U.S. Pat. No. 4,071,244 issued to Richards, is a SUSPENSION GAME played with blocks. In this game a bridge-like suspended structure is constructed using differently shaped blocks. The structure depends from a fixed vertical rod and relies on the weight of the blocks against the rod to keep it aloft. The blocks engage loosely but do not form pivot points or have the aim of controlling shifting centers of gravity.

Existing forms of mobiles are generally fixed in design and meant for viewing only. Enchanted Learning Company provides Internet Web sites where educational mobile designs may be found. Two examples of construction directions for self made mobiles that are meant primarily for viewing once constructed can be found at: http:/www.enchantedlearning.com/crafts/astronomy/solarsystemmodel/ (SOLAR SYSTEM MODEL by Col, Jeananda, 2001) http:/www.enchantedlearning.com/crafts/Whalemobile.shtml (WHALE MOBILE by Col, Jeananda, 1998)

The appeal of these type of mobiles is in the initial fixed construction and in the resulting visual effect of gently undulating representative shapes. There is no other interaction with these types of mobile.

An exception to this can also be found at the Enchanted Learning Company Internet Web site:

http:/www.enchantedlearning.com/crafts/mobiles/straws/

(DRINKING STRAW MOBILE by Col, Jeananda, 2000)

In this case the person has the same interaction as with the last two examples but with the addition of the ability to adjust the positions of the weights by sliding them along suspended beams. This changes the center of gravity of the mobile.

Some mobiles are meant for physical interaction with suspended elements but not the relocation of the suspension points as in U.S. Pat. No. 4,438,727, granted to Thompson for MOBILE TOY FOR KITTEN OR SIMILAR ANIMAL. All suspension points are fixed and can not disengage. This type mobile hangs in equilibrium until touched whereupon it gyrates wildly.

Existing examples do not encourage much interaction beyond the visual. The examples are limited to action caused by wind, water, motor or human touch. There is no construction beyond the pre-planned first assembly. There is little chance to examine balance through the combination of weight (mass) and distance relative to pivot points.

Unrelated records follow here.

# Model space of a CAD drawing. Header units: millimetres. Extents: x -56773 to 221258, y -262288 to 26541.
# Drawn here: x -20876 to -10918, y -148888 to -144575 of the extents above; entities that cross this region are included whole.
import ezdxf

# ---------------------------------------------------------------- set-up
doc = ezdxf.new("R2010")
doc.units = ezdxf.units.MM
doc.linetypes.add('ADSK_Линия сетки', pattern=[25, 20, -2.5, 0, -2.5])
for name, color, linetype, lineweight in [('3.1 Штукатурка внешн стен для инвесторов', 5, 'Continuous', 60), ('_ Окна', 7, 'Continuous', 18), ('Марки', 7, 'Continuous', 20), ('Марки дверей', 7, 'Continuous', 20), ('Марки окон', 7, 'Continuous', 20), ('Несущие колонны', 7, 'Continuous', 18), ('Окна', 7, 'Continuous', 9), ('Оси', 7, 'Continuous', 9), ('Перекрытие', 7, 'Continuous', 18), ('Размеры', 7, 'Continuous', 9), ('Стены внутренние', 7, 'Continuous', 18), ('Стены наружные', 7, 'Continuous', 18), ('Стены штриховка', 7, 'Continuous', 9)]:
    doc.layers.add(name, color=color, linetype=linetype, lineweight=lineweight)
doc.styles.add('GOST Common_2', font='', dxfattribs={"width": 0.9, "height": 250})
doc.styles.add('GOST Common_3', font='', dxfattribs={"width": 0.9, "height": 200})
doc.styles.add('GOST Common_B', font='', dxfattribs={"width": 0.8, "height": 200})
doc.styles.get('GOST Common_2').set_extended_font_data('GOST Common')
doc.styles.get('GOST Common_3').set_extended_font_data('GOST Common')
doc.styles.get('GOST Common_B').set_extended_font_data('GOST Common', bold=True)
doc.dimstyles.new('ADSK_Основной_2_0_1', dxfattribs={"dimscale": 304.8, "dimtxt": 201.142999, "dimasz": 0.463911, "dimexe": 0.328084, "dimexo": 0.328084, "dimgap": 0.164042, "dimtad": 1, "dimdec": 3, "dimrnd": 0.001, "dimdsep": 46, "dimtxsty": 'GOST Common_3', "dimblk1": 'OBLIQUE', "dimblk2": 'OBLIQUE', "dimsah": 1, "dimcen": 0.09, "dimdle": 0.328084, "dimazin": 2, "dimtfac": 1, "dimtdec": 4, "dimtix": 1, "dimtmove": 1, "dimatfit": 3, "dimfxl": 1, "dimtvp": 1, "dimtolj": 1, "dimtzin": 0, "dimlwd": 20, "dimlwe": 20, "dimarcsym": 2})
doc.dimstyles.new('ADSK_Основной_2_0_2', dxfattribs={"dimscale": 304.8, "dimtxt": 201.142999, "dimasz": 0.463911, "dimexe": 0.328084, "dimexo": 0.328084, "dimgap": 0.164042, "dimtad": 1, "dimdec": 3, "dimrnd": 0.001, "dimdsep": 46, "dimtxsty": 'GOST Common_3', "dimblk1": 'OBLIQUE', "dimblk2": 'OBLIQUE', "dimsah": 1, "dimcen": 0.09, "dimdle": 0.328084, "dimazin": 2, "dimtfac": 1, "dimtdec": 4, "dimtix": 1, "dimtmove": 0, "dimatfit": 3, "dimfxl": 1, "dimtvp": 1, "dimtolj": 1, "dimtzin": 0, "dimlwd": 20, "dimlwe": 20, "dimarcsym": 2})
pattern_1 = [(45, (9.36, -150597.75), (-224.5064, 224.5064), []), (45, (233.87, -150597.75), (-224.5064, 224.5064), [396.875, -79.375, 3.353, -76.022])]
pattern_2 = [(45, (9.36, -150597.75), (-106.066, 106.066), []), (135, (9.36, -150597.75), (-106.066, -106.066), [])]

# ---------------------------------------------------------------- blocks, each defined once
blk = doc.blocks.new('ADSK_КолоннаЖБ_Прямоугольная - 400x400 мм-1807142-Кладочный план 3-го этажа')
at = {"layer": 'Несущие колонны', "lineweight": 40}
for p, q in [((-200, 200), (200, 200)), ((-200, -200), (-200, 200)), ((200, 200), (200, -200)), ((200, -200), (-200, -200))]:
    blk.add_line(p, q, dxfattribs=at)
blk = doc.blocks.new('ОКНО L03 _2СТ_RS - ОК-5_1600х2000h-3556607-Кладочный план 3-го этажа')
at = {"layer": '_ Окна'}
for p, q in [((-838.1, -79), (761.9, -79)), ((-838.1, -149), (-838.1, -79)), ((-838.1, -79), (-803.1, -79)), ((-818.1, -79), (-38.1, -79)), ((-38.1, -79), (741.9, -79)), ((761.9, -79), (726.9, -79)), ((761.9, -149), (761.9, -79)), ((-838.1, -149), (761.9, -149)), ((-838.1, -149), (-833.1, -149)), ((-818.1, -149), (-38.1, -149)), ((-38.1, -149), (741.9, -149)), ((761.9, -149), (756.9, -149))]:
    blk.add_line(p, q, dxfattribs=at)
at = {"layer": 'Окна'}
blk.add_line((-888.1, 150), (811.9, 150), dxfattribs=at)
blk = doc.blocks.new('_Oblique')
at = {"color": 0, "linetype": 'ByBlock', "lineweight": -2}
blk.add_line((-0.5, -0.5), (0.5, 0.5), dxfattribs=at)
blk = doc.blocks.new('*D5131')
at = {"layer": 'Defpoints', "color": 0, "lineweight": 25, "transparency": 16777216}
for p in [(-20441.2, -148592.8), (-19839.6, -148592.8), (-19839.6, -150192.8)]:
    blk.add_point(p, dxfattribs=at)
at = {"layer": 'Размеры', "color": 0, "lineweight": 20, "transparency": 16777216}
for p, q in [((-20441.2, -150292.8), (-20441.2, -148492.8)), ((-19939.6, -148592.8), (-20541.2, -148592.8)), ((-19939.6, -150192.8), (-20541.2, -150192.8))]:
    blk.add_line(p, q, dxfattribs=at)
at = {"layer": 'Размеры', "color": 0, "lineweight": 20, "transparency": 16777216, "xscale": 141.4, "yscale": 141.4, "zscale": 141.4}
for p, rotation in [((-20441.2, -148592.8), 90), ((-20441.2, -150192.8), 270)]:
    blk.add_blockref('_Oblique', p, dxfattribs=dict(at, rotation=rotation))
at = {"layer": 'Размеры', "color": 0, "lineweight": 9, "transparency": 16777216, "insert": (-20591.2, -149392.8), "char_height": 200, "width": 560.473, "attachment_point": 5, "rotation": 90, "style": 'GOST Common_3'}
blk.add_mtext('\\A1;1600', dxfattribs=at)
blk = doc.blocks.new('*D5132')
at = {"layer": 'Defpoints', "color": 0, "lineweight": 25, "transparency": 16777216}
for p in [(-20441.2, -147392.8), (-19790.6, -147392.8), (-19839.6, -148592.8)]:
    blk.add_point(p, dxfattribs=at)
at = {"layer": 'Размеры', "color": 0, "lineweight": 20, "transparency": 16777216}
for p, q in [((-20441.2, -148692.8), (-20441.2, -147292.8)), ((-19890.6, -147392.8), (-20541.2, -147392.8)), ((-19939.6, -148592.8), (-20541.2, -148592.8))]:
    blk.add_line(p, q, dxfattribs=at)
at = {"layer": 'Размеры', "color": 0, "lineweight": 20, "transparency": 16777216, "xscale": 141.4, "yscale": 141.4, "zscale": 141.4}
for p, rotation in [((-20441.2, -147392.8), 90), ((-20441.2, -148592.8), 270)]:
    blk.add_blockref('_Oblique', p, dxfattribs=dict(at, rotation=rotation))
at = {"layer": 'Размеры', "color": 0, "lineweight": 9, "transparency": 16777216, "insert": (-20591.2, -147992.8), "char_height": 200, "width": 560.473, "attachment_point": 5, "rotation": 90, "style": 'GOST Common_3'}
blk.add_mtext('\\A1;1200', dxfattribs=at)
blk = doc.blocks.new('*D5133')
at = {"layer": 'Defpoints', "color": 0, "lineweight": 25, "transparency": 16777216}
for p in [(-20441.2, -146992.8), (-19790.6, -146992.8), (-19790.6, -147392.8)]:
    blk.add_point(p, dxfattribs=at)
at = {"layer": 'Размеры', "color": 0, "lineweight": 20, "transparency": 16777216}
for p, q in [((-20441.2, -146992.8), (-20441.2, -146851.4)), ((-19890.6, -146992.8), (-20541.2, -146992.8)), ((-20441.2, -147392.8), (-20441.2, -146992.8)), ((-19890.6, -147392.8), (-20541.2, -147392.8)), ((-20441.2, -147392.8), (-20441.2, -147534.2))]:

The improvements this invention provides are that it encourages strategy by the exploration and exploitation of: (a) balance, (b) pivot points, (c) the relationship of weight/mass and distance relative to pivot points, (d) center of gravity and (e) vectors of force operating upon a suspended structure and (f) reactions of loose, dislodge-able connections. It requires players to examine the relationships of all these factors in a structure that is suspended movably in air rather than depending on a solid surface providing stability. The complex relationships resulting from the inherent nature of this invention's pivotable engagements causes the center of gravity of the suspended structure to constantly shift. The resulting ongoing state of change challenges a player's intuition. He or she must examine the pivot points and connections to make a hypothesis of the future state of the structure given a particular piece engaged a certain way. A player can create steady or strategically unsteady connections. Pieces connected unsteadily may unexpectedly fall by the action of an opponent. See FIG. 10. Steady connections reduce extreme acute angles therefore stabilizing a suspended structure. See FIG. 11.

DETAILED DESCRIPTION

Drawing Index

The following is a listing of drawings:

FIG. 1 Isometric view with a section cut indicating a normal section view shown in FIG. 1A. The isometric view describes a possible game piece of least weight consisting of a solid extrusion (2), an end cap (4), with an ornamental object attached that provides a pleasant sound when moved (3) and a spherical cap (1).

FIG. 2 Isometric view with a section cut indicating a normal section view shown in FIG. 2A. The isometric view describes a possible game piece of heavier weight consisting of a solid extrusion (6), an end cap (8), with an ornamental object attached that provides a pleasant sound when moved (7) and a spherical cap (5).

FIG. 3 Isometric view with a section cut indicating a normal section view shown in FIG. 3A. The isometric view describes a possible game piece of heavier weight than that of FIG. 2 with additional engagement features and consisting of a solid extrusion (10), an end cap (12), an ornamental object that provides a pleasant sound when moved (11) and a spherical cap (9).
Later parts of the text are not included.